Beyond Software Trust: Securing Embedded Systems from the Ground Up

Author: Denis Avetisyan

A new hardware-software co-design eliminates the need for a runtime software trusted computing base, offering a fundamentally more secure approach to embedded system protection.

Skadi’s architecture compartmentalizes subsystems and employs a specialized loader to establish a robust security model; trusted components-including a fault handler designed for controlled system halts and time-limited trapdoor/proxy mechanisms-operate alongside memory-mapped I/O capabilities delegated by the loader, collectively ensuring system integrity through carefully managed privilege and access control as represented by the flow of calls between subsystems.

This paper details Skadi and Bredi, a capability-based architecture achieving subsystem isolation and secure boot without a runtime TCB.

Embedded systems increasingly face sophisticated threats targeting application software, operating system kernels, and peripheral devices, yet existing security approaches typically address only a subset of these vectors. This paper, ‘Trust Nothing: RTOS Security without Run-Time Software TCB (Extended Version)’, introduces Skadi and Bredi, a novel hardware-software co-design that achieves robust security by eliminating the need for a runtime software trusted computing base (TCB). Through a capability-based architecture and a disaggregated, isolated real-time operating system built on Zephyr, all runtime subsystems-including the scheduler, allocator, DMA drivers, and peripherals-are treated as untrusted components. Does this approach represent a viable path toward building truly secure-by-design embedded systems for critical applications?

The Expanding Attack Surface: Beyond Conventional Defenses

The proliferation of interconnected embedded systems – from critical infrastructure and automotive components to medical devices and consumer electronics – has dramatically expanded the attack surface for malicious actors. No longer confined to traditional IT networks, these systems are increasingly targeted by sophisticated threats ranging from data breaches and denial-of-service attacks to physical manipulation and complete system compromise. The growing complexity of these devices, coupled with often limited resources and infrequent security updates, creates a fertile ground for exploitation. Consequently, a proactive and multi-layered approach to security is essential, demanding robust measures that extend beyond conventional software-based protections and address vulnerabilities at every level of the system architecture. The stakes are particularly high, as successful attacks can have far-reaching consequences, impacting safety, privacy, and economic stability.

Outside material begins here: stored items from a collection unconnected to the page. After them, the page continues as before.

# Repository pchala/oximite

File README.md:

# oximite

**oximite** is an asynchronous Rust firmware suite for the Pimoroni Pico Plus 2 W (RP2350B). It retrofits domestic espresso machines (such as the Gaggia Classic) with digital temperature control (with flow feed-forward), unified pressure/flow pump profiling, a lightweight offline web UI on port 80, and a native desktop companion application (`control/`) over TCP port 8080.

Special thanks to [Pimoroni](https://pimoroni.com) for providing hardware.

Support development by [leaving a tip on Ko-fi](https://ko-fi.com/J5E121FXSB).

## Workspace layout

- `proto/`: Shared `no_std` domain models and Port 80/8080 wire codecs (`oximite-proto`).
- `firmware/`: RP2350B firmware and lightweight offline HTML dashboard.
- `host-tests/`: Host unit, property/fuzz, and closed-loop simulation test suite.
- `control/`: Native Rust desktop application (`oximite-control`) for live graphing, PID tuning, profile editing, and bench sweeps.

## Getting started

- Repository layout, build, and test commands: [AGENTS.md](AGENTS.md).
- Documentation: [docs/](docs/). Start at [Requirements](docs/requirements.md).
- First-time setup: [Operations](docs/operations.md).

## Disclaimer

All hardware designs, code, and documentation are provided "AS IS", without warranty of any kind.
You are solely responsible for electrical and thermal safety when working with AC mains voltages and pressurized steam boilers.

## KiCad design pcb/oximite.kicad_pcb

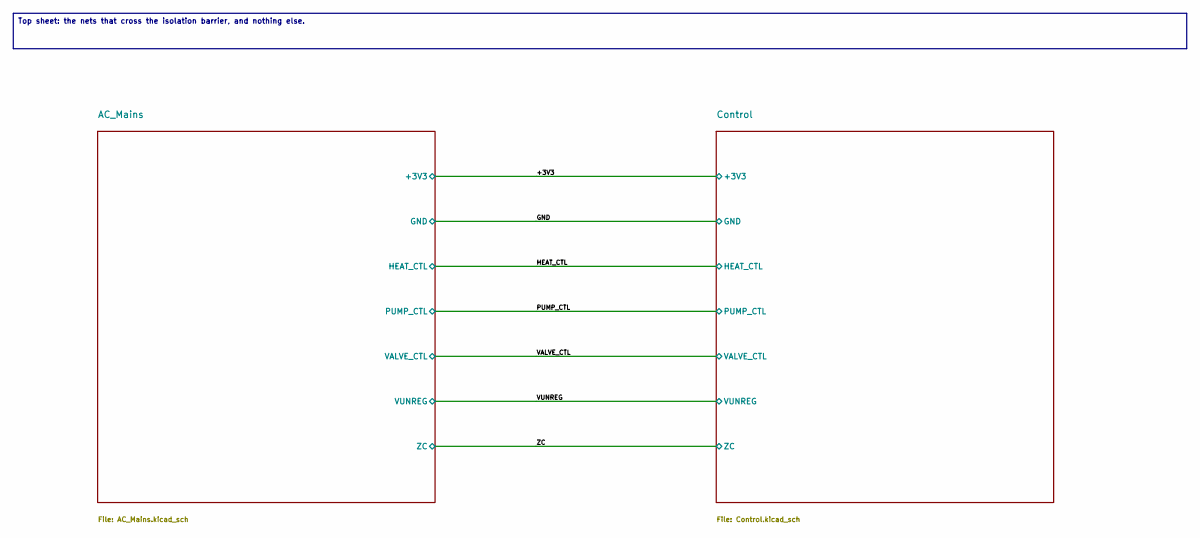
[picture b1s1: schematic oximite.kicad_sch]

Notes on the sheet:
Top sheet: the nets that cross the isolation barrier, and nothing else.

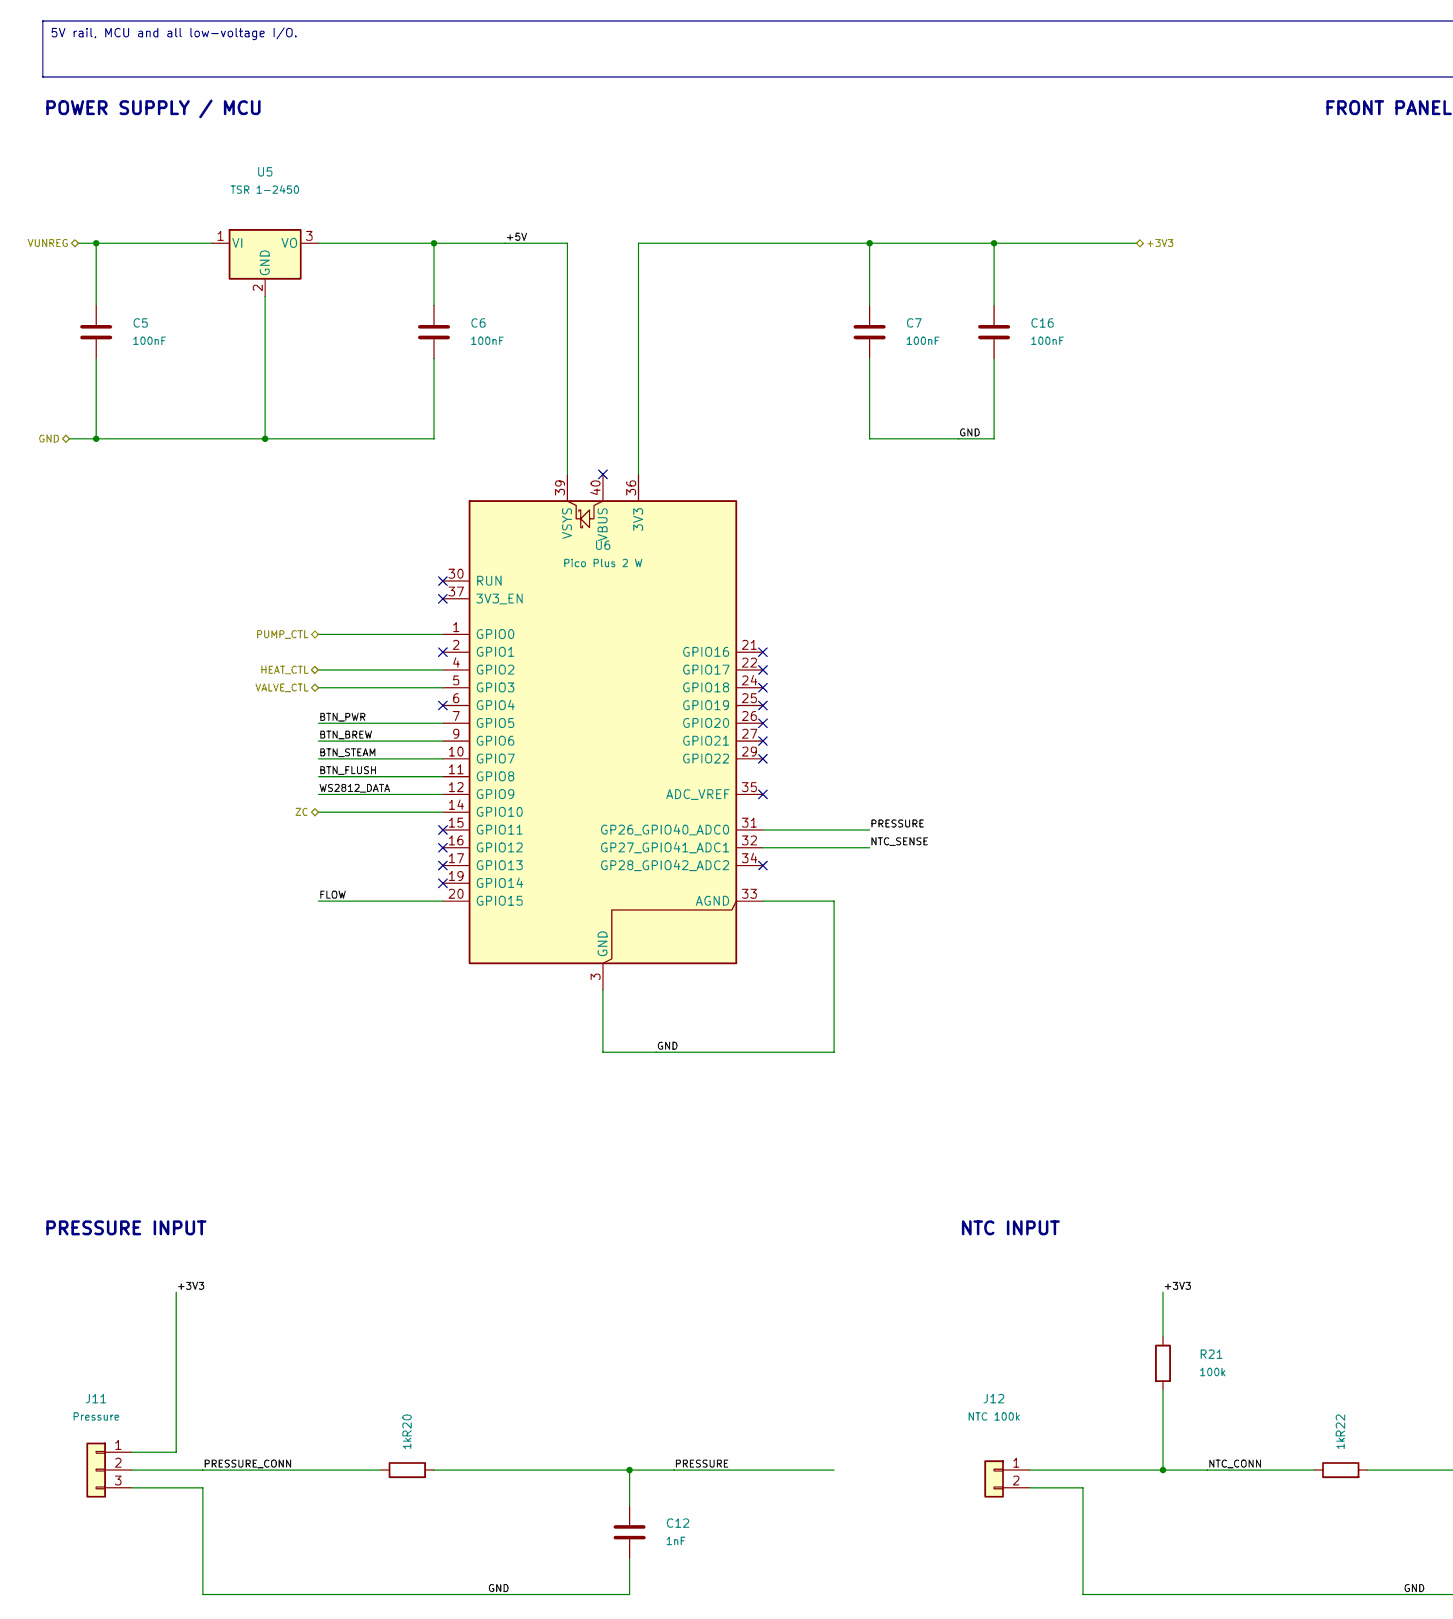
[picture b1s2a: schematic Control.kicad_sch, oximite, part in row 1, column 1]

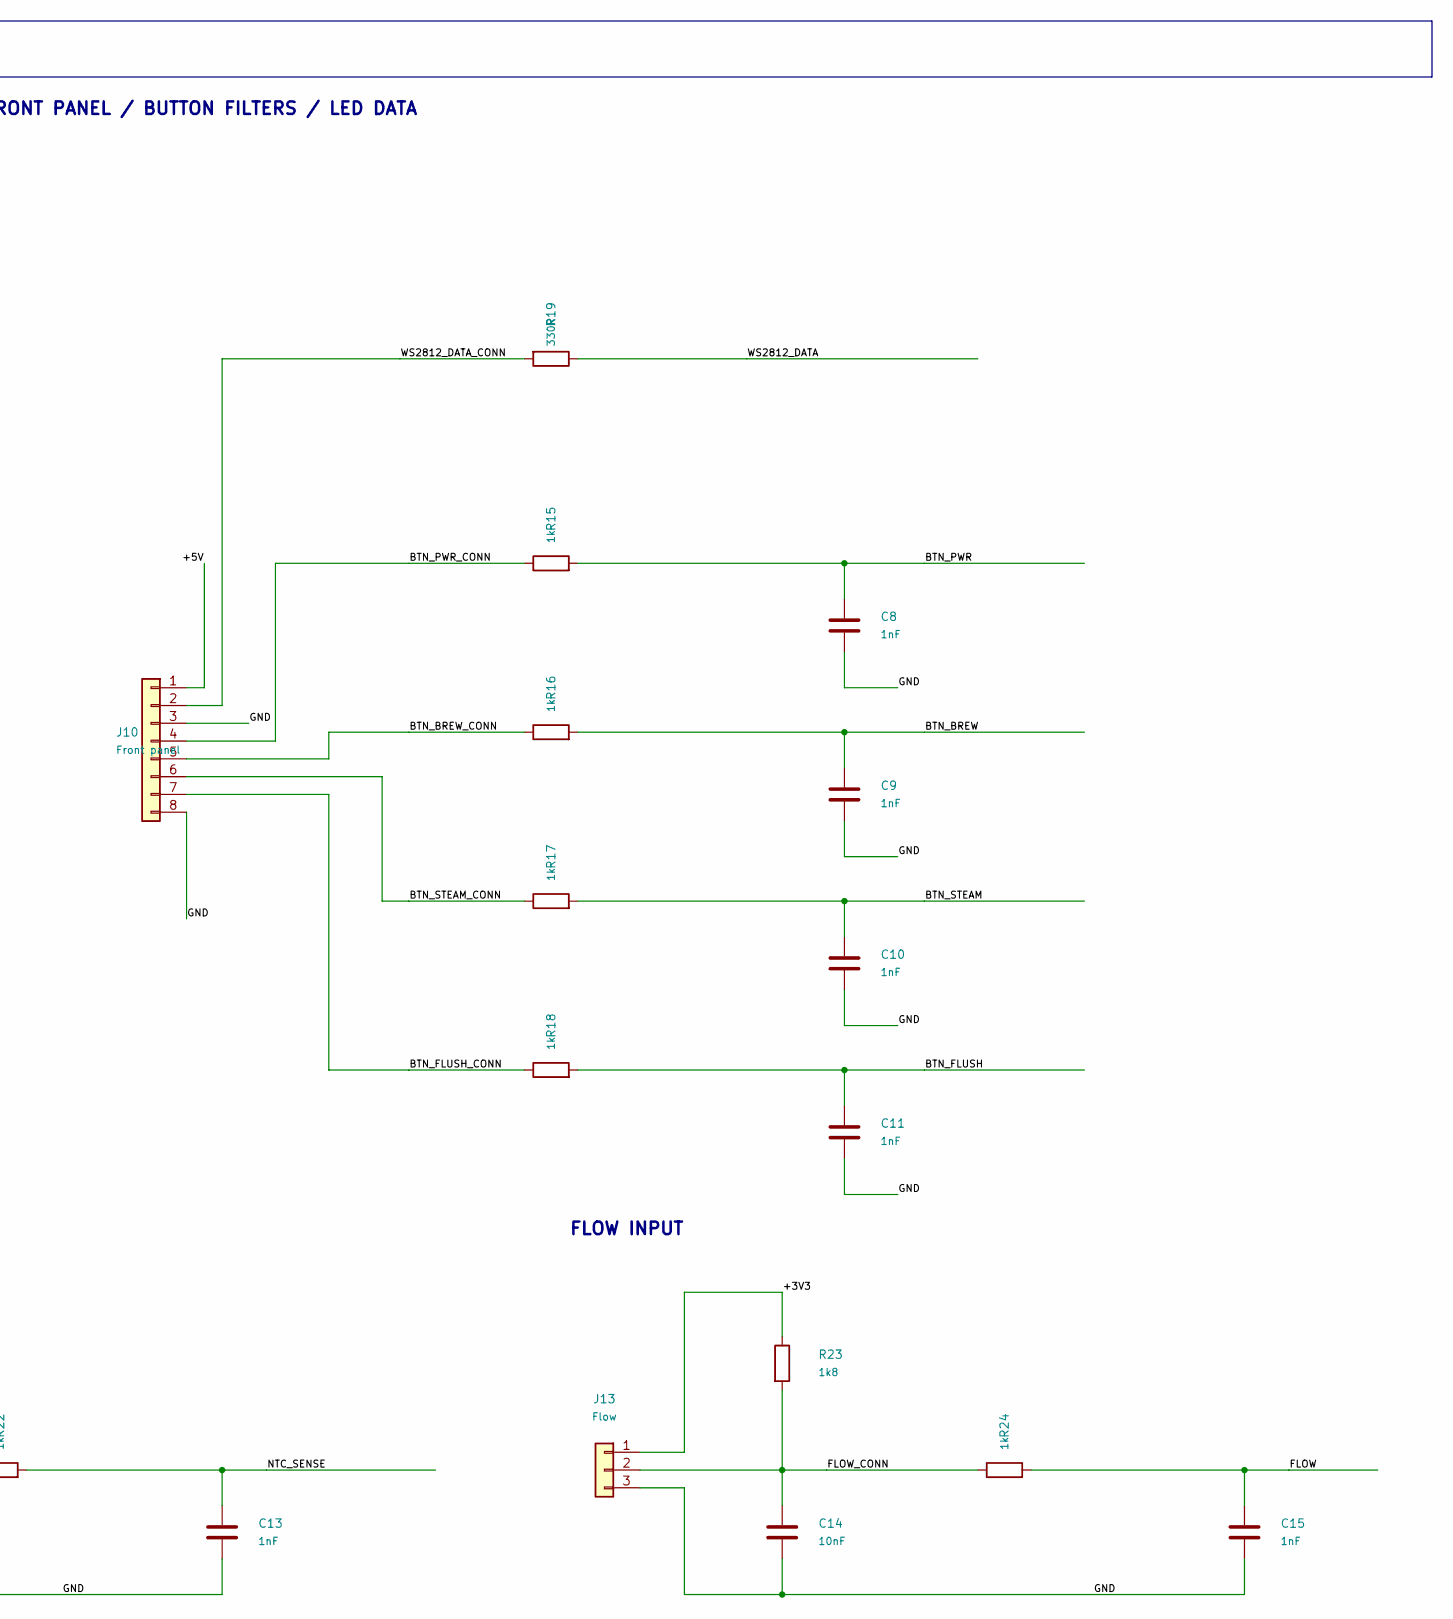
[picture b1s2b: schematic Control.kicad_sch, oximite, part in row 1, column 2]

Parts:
C5, C6, C7, C16: 100nF; C_0603_1608Metric
C8, C9, C10, C11, C12, C13, C15: 1nF; C_0603_1608Metric
C14: 10nF; C_0603_1608Metric
J10: Front panel; JST_XH_B8B-XH-A_1x08_P2.50mm_Vertical
J11: Pressure; JST_XH_B3B-XH-A_1x03_P2.50mm_Vertical
J12: NTC 100k; JST_XH_B2B-XH-A_1x02_P2.50mm_Vertical
J13: Flow; JST_XH_B3B-XH-A_1x03_P2.50mm_Vertical
R15, R16, R17, R18, R20, R22, R24: 1k; R_0603_1608Metric
R19: 330R; R_0603_1608Metric
R21: 100k; R_0603_1608Metric
R23: 1k8; R_0603_1608Metric
U5: TSR 1-2450; Converter_DCDC_TRACO_TSR-1_THT
U6: Pico Plus 2 W; Pimoroni_Pico_Plus_2_W_Header_Mount

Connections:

Contemporary digital security frequently depends on layered software architectures, but this complexity inadvertently creates substantial risk. Each component within these stacks – operating systems, libraries, and applications – represents a potential attack surface, and vulnerabilities in even a single layer can compromise the entire system. Moreover, maintaining these sprawling software ecosystems presents ongoing challenges; patching flaws, addressing compatibility issues, and responding to newly discovered exploits demand significant resources and introduce further opportunities for error. This constant cycle of updates and revisions can inadvertently introduce regressions or create new vulnerabilities, making long-term security a moving target. The inherent difficulty in formally verifying such intricate systems highlights the need for fundamentally different approaches to security that minimize reliance on complex software and prioritize simplicity and provability.

The escalating complexity of modern systems necessitates a reimagining of security foundations, moving beyond software-centric defenses. Increasingly, researchers and developers are recognizing that true trustworthiness demands integrating security directly into the hardware architecture. This involves establishing a system where access to resources isn’t granted based on identity, but on capability – a secure token proving the right to perform a specific action. By minimizing the trusted computing base and reducing the attack surface, capability-based systems dramatically limit the potential damage from compromised software. This approach, fortified by hardware enforcement, creates a more resilient and predictable security posture, offering a pathway towards building systems that are inherently more secure and reliable against evolving threats, rather than constantly patching vulnerabilities in complex software stacks.

The Bredi Capability Operations module utilizes a finite state machine, interfacing with the calling device through memory-mapped I/O (MMIO) registers to manage input and output.

Northcape: A Foundation Built on Capability

The Northcape architecture implements access control through capabilities, which represent unforgeable tokens granting specific rights to resources. Unlike traditional access control lists (ACLs) or role-based access control (RBAC), capabilities are held by the subject requiring access, not centrally managed by an administrator. This decentralized approach allows for fine-grained control, as each capability precisely defines permissible actions on a given resource. A capability isn’t simply an identifier; it is the authority to act. These capabilities are typically small, opaque values, and possession of a capability implicitly grants the associated right, eliminating the need for runtime checks against a central policy database. This model supports delegation of access, where a subject can transfer a capability to another, enabling complex workflows while maintaining strict control over resource access.

Traditional operating system security relies on complex runtime permission checks to verify access rights before granting resource access. This process introduces significant overhead and creates opportunities for vulnerabilities if checks are incomplete or improperly implemented. Northcape’s capability-based architecture eliminates these runtime checks by associating access rights directly with the capability itself. Because access is inherently authorized by possession of the capability, and hardware enforces this possession, the system avoids the need for dynamic permission evaluation. This reduction in runtime checks drastically simplifies the security model and correspondingly minimizes the attack surface by removing a substantial class of potential exploits targeting permission handling logic.

The Northcape Translation Lookaside Buffer (NTLB) is a dedicated hardware cache designed to accelerate the translation of capabilities – the pointers used for access control – into physical addresses. By caching recent capability translations, the NTLB significantly reduces the latency associated with accessing protected resources. This minimizes performance overhead compared to software-based permission checking, which requires traversing access control lists or performing complex comparisons for each resource access. The NTLB’s high hit rate ensures that most capability translations can be resolved directly from the cache, enabling efficient and scalable operation even in systems with a large number of protected resources and frequent access patterns.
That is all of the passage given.